Perhaps the only positive outcome from this situation is that in a recent conversation with China’s Director of the CCP Central Foreign Affairs Commission, Marco Rubio, the new Secretary of State reaffirmed that the U.S. does not support Taiwanese independence and advocates for a peaceful resolution of the Taiwan issue. That’s a truly pragmatic response because all conflict simulations have highlighted that if the U.S. attempted military intervention with China over Taiwan, it would lose the battles, let alone the war. As I noted last year, the U.S. has made its own global power projection significantly more challenging by ceding international shipbuilding to Asia—with China alone acquiring 59% of ship orders in 2023—and the well-meaning yet ultimately detrimental Jones Act resulting in no domestic logistical fleet capable of sustaining any prolonged

actions.

China’s global naval presence remains remarkably limited in comparison to the United States. While the U.S. has positioned forces worldwide and operates over 750 military installations in more than 80 countries, China has generally refrained from direct military involvement beyond its frontiers. Instead, Beijing has concentrated on economic and strategic influence through trade, infrastructure initiatives such as the Belt and Road Initiative, and diplomatic relationships rather than military might. China’s sole overseas military installation, located in Djibouti, starkly contrasts with the extensive U.S. military network, highlighting its preference for soft power over direct intervention. While both nations aim to shape global affairs, the U.S. has depended on military supremacy, whereas China has emphasized economic and technological expansion as its primary means of influence. China’s military growth in recent years is best perceived as a defensive reaction to U.S. provocations and a highly effective defensive force, rather than an expansionist and intrusive force like that of the U.S.
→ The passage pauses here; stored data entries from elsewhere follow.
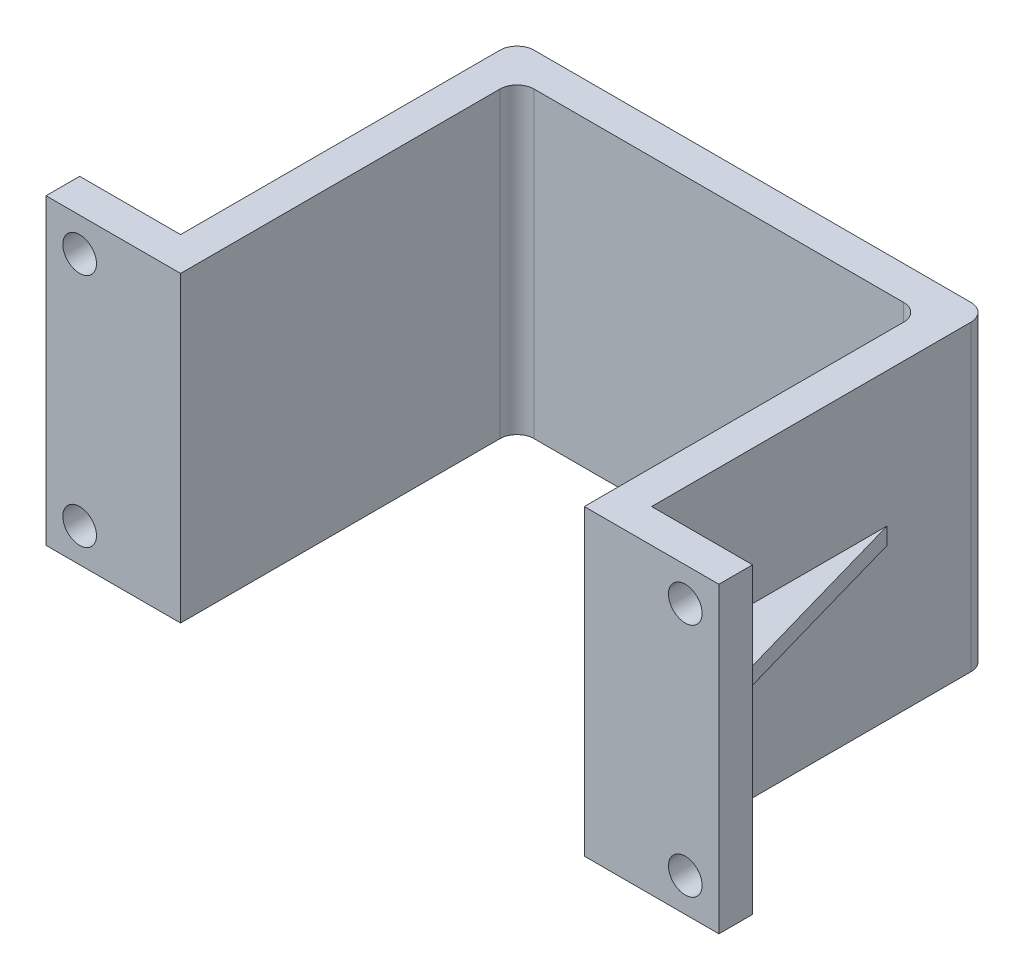
ISO-10303-21;
HEADER;
FILE_DESCRIPTION(('STEP AP214'),'2;1');
FILE_NAME('part.step','',(''),(''),'','','');
FILE_SCHEMA(('AUTOMOTIVE_DESIGN { 1 0 10303 214 1 1 1 1 }'));
ENDSEC;
DATA;
#1=APPLICATION_CONTEXT('core data for automotive mechanical design processes');
#2=APPLICATION_PROTOCOL_DEFINITION('international standard','automotive_design',2000,#1);
#3=PRODUCT_CONTEXT('',#1,'mechanical');
#4=PRODUCT('Part','Part','',(#3));
#5=PRODUCT_RELATED_PRODUCT_CATEGORY('part','',(#4));
#6=PRODUCT_DEFINITION_FORMATION('','',#4);
#7=PRODUCT_DEFINITION_CONTEXT('part definition',#1,'design');
#8=PRODUCT_DEFINITION('design','',#6,#7);
#9=PRODUCT_DEFINITION_SHAPE('','',#8);
#10=(LENGTH_UNIT() NAMED_UNIT(*) SI_UNIT(.MILLI.,.METRE.));
#11=(NAMED_UNIT(*) PLANE_ANGLE_UNIT() SI_UNIT($,.RADIAN.));
#12=(NAMED_UNIT(*) SI_UNIT($,.STERADIAN.) SOLID_ANGLE_UNIT());
#13=UNCERTAINTY_MEASURE_WITH_UNIT(LENGTH_MEASURE(1.E-05),#10,'distance_accuracy_value','');
#14=(GEOMETRIC_REPRESENTATION_CONTEXT(3) GLOBAL_UNCERTAINTY_ASSIGNED_CONTEXT((#13)) GLOBAL_UNIT_ASSIGNED_CONTEXT((#10,
#11,#12)) REPRESENTATION_CONTEXT('',''));
#15=CARTESIAN_POINT('',(0.,0.,0.));
#16=DIRECTION('',(0.,0.,1.));
#17=DIRECTION('',(1.,0.,0.));
#18=AXIS2_PLACEMENT_3D('',#15,#16,#17);
#19=CARTESIAN_POINT('',(13.,9.,-1.508));
#20=DIRECTION('',(-1.,0.,0.));
#21=DIRECTION('',(0.,0.,1.));
#22=AXIS2_PLACEMENT_3D('',#19,#20,#21);
#23=PLANE('',#22);
#24=DIRECTION('',(0.,0.,1.));
#25=VECTOR('',#24,1.);
#26=CARTESIAN_POINT('',(13.,5.00000011,-8.));
#27=LINE('',#26,#25);
#28=CARTESIAN_POINT('',(13.,5.00000011,-8.));
#29=VERTEX_POINT('',#28);
#30=CARTESIAN_POINT('',(13.,5.00000011,-1.));
#31=VERTEX_POINT('',#30);
#32=EDGE_CURVE('E193',#29,#31,#27,.T.);
#33=ORIENTED_EDGE('',*,*,#32,.F.);
#34=DIRECTION('',(0.,-1.,0.));
#35=VECTOR('',#34,1.);
#36=CARTESIAN_POINT('',(13.,5.00000011,-8.));
#37=LINE('',#36,#35);
#38=CARTESIAN_POINT('',(13.,4.50000011,-8.));
#39=VERTEX_POINT('',#38);
#40=EDGE_CURVE('E202',#29,#39,#37,.T.);
#41=ORIENTED_EDGE('',*,*,#40,.T.);
#42=DIRECTION('',(0.,0.,1.));
#43=VECTOR('',#42,1.);
#44=CARTESIAN_POINT('',(13.,4.50000011,-8.));
#45=LINE('',#44,#43);
#46=CARTESIAN_POINT('',(13.,4.50000011,-1.));
#47=VERTEX_POINT('',#46);
#48=EDGE_CURVE('E218',#39,#47,#45,.T.);
#49=ORIENTED_EDGE('',*,*,#48,.T.);
#50=DIRECTION('',(0.,-1.,0.));
#51=VECTOR('',#50,1.);
#52=CARTESIAN_POINT('',(13.,9.,-1.));
#53=LINE('',#52,#51);
#54=CARTESIAN_POINT('',(13.,0.,-1.));
#55=VERTEX_POINT('',#54);
#56=EDGE_CURVE('E48',#47,#55,#53,.T.);
#57=ORIENTED_EDGE('',*,*,#56,.T.);
#58=DIRECTION('',(0.,0.,-1.));
#59=VECTOR('',#58,1.);
#60=CARTESIAN_POINT('',(13.,0.,-1.508));
#61=LINE('',#60,#59);
#62=CARTESIAN_POINT('',(13.,0.,-10.492));
#63=VERTEX_POINT('',#62);
#64=EDGE_CURVE('E328',#55,#63,#61,.T.);
#65=ORIENTED_EDGE('',*,*,#64,.T.);
#66=DIRECTION('',(0.,-1.,0.));
#67=VECTOR('',#66,1.);
#68=CARTESIAN_POINT('',(13.,9.,-10.492));
#69=LINE('',#68,#67);
#70=CARTESIAN_POINT('',(13.,9.,-10.492));
#71=VERTEX_POINT('',#70);
#72=EDGE_CURVE('E438',#71,#63,#69,.T.);
#73=ORIENTED_EDGE('',*,*,#72,.F.);
#74=DIRECTION('',(0.,0.,-1.));
#75=VECTOR('',#74,1.);
#76=CARTESIAN_POINT('',(13.,9.,-1.508));
#77=LINE('',#76,#75);
#78=CARTESIAN_POINT('',(13.,9.,-1.));
#79=VERTEX_POINT('',#78);
#80=EDGE_CURVE('E280',#79,#71,#77,.T.);
#81=ORIENTED_EDGE('',*,*,#80,.F.);
#82=EDGE_CURVE('E11',#79,#31,#53,.T.);
#83=ORIENTED_EDGE('',*,*,#82,.T.);
#84=EDGE_LOOP('',(#33,#41,#49,#57,#65,#73,#81,#83));
#85=FACE_BOUND('',#84,.T.);
#86=ADVANCED_FACE('F39',(#85),#23,.F.);
#87=CARTESIAN_POINT('',(13.508,9.,-1.));
#88=DIRECTION('',(0.,0.,1.));
#89=DIRECTION('',(1.,0.,0.));
#90=AXIS2_PLACEMENT_3D('',#87,#88,#89);
#91=PLANE('',#90);
#92=CARTESIAN_POINT('',(15.,8.,-1.));
#93=DIRECTION('',(0.,0.,-1.));
#94=DIRECTION('',(-1.,0.,0.));
#95=AXIS2_PLACEMENT_3D('',#92,#93,#94);
#96=CIRCLE('',#95,0.500000000000001);
#97=CARTESIAN_POINT('',(14.5,8.,-1.));
#98=VERTEX_POINT('',#97);
#99=EDGE_CURVE('E251',#98,#98,#96,.T.);
#100=ORIENTED_EDGE('',*,*,#99,.F.);
#101=EDGE_LOOP('',(#100));
#102=FACE_BOUND('',#101,.T.);
#103=CARTESIAN_POINT('',(15.,0.999999999999999,-1.));
#104=DIRECTION('',(0.,0.,-1.));
#105=DIRECTION('',(-1.,0.,0.));
#106=AXIS2_PLACEMENT_3D('',#103,#104,#105);
#107=CIRCLE('',#106,0.500000000000001);
#108=CARTESIAN_POINT('',(14.5,0.999999999999999,-1.));
#109=VERTEX_POINT('',#108);
#110=EDGE_CURVE('E255',#109,#109,#107,.T.);
#111=ORIENTED_EDGE('',*,*,#110,.F.);
#112=EDGE_LOOP('',(#111));
#113=FACE_BOUND('',#112,.T.);
#114=DIRECTION('',(1.,0.,0.));
#115=VECTOR('',#114,1.);
#116=CARTESIAN_POINT('',(13.,5.00000011,-1.));
#117=LINE('',#116,#115);
#118=CARTESIAN_POINT('',(15.,5.00000011,-1.));
#119=VERTEX_POINT('',#118);
#120=EDGE_CURVE('E195',#31,#119,#117,.T.);
#121=ORIENTED_EDGE('',*,*,#120,.F.);
#122=ORIENTED_EDGE('',*,*,#82,.F.);
#123=DIRECTION('',(-1.,0.,0.));
#124=VECTOR('',#123,1.);
#125=CARTESIAN_POINT('',(13.,9.,-1.));
#126=LINE('',#125,#124);
#127=CARTESIAN_POINT('',(16.,9.,-1.));
#128=VERTEX_POINT('',#127);
#129=EDGE_CURVE('E276',#128,#79,#126,.T.);
#130=ORIENTED_EDGE('',*,*,#129,.F.);
#131=DIRECTION('',(0.,-1.,0.));
#132=VECTOR('',#131,1.);
#133=CARTESIAN_POINT('',(16.,9.,-1.));
#134=LINE('',#133,#132);
#135=CARTESIAN_POINT('',(16.,0.,-1.));
#136=VERTEX_POINT('',#135);
#137=EDGE_CURVE('E327',#128,#136,#134,.T.);
#138=ORIENTED_EDGE('',*,*,#137,.T.);
#139=DIRECTION('',(-1.,0.,0.));
#140=VECTOR('',#139,1.);
#141=CARTESIAN_POINT('',(13.508,0.,-1.));
#142=LINE('',#141,#140);
#143=EDGE_CURVE('E281',#136,#55,#142,.T.);
#144=ORIENTED_EDGE('',*,*,#143,.T.);
#145=ORIENTED_EDGE('',*,*,#56,.F.);
#146=DIRECTION('',(1.,0.,0.));
#147=VECTOR('',#146,1.);
#148=CARTESIAN_POINT('',(13.,4.50000011,-1.));
#149=LINE('',#148,#147);
#150=CARTESIAN_POINT('',(15.,4.50000011,-1.));
#151=VERTEX_POINT('',#150);
#152=EDGE_CURVE('E199',#47,#151,#149,.T.);
#153=ORIENTED_EDGE('',*,*,#152,.T.);
#154=DIRECTION('',(0.,-1.,0.));
#155=VECTOR('',#154,1.);
#156=CARTESIAN_POINT('',(15.,5.00000011,-1.));
#157=LINE('',#156,#155);
#158=EDGE_CURVE('E208',#119,#151,#157,.T.);
#159=ORIENTED_EDGE('',*,*,#158,.F.);
#160=EDGE_LOOP('',(#121,#122,#130,#138,#144,#145,#153,#159));
#161=FACE_BOUND('',#160,.T.);
#162=ADVANCED_FACE('F470',(#102,#113,#161),#91,.F.);
#163=CARTESIAN_POINT('',(12.492,9.,-10.492));
#164=DIRECTION('',(0.,-1.,0.));
#165=DIRECTION('',(0.,0.,-1.));
#166=AXIS2_PLACEMENT_3D('',#163,#164,#165);
#167=CYLINDRICAL_SURFACE('',#166,0.508);
#168=CARTESIAN_POINT('',(12.492,0.,-10.492));
#169=DIRECTION('',(0.,1.,0.));
#170=DIRECTION('',(0.,0.,-1.));
#171=AXIS2_PLACEMENT_3D('',#168,#169,#170);
#172=CIRCLE('',#171,0.508);
#173=CARTESIAN_POINT('',(12.492,0.,-11.));
#174=VERTEX_POINT('',#173);
#175=EDGE_CURVE('E331',#63,#174,#172,.T.);
#176=ORIENTED_EDGE('',*,*,#175,.T.);
#177=DIRECTION('',(0.,-1.,0.));
#178=VECTOR('',#177,1.);
#179=CARTESIAN_POINT('',(12.492,9.,-11.));
#180=LINE('',#179,#178);
#181=CARTESIAN_POINT('',(12.492,9.,-11.));
#182=VERTEX_POINT('',#181);
#183=EDGE_CURVE('E434',#182,#174,#180,.T.);
#184=ORIENTED_EDGE('',*,*,#183,.F.);
#185=CARTESIAN_POINT('',(12.492,9.,-10.492));
#186=DIRECTION('',(0.,1.,0.));
#187=DIRECTION('',(0.,0.,-1.));
#188=AXIS2_PLACEMENT_3D('',#185,#186,#187);
#189=CIRCLE('',#188,0.508);
#190=EDGE_CURVE('E284',#71,#182,#189,.T.);
#191=ORIENTED_EDGE('',*,*,#190,.F.);
#192=ORIENTED_EDGE('',*,*,#72,.T.);
#193=EDGE_LOOP('',(#176,#184,#191,#192));
#194=FACE_BOUND('',#193,.T.);
#195=ADVANCED_FACE('F474',(#194),#167,.T.);
#196=CARTESIAN_POINT('',(-0.491999999999997,9.,-11.));
#197=DIRECTION('',(0.,0.,1.));
#198=DIRECTION('',(1.,0.,0.));
#199=AXIS2_PLACEMENT_3D('',#196,#197,#198);
#200=PLANE('',#199);
#201=DIRECTION('',(-1.,0.,0.));
#202=VECTOR('',#201,1.);
#203=CARTESIAN_POINT('',(-0.491999999999997,0.,-11.));
#204=LINE('',#203,#202);
#205=CARTESIAN_POINT('',(-0.491999999999997,0.,-11.));
#206=VERTEX_POINT('',#205);
#207=EDGE_CURVE('E334',#174,#206,#204,.T.);
#208=ORIENTED_EDGE('',*,*,#207,.T.);
#209=DIRECTION('',(0.,-1.,0.));
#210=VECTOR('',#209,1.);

The narrative of the United States over the last four decades indicates that they can only succeed in battles against significantly weaker adversaries and struggle to win wars. However, Trump and his administration exhibit little understanding of history, the genuine strengths and weaknesses of the United States, and the reality of other nations. The upheavals of the U.S. Cultural Revolution and the inflation resulting from Trump’s trade wars may very well necessitate diverting American attention with a foreign conflict. The likelihood of a potential Trump 2.0 pushing the U.S. into another global military disaster is considerable.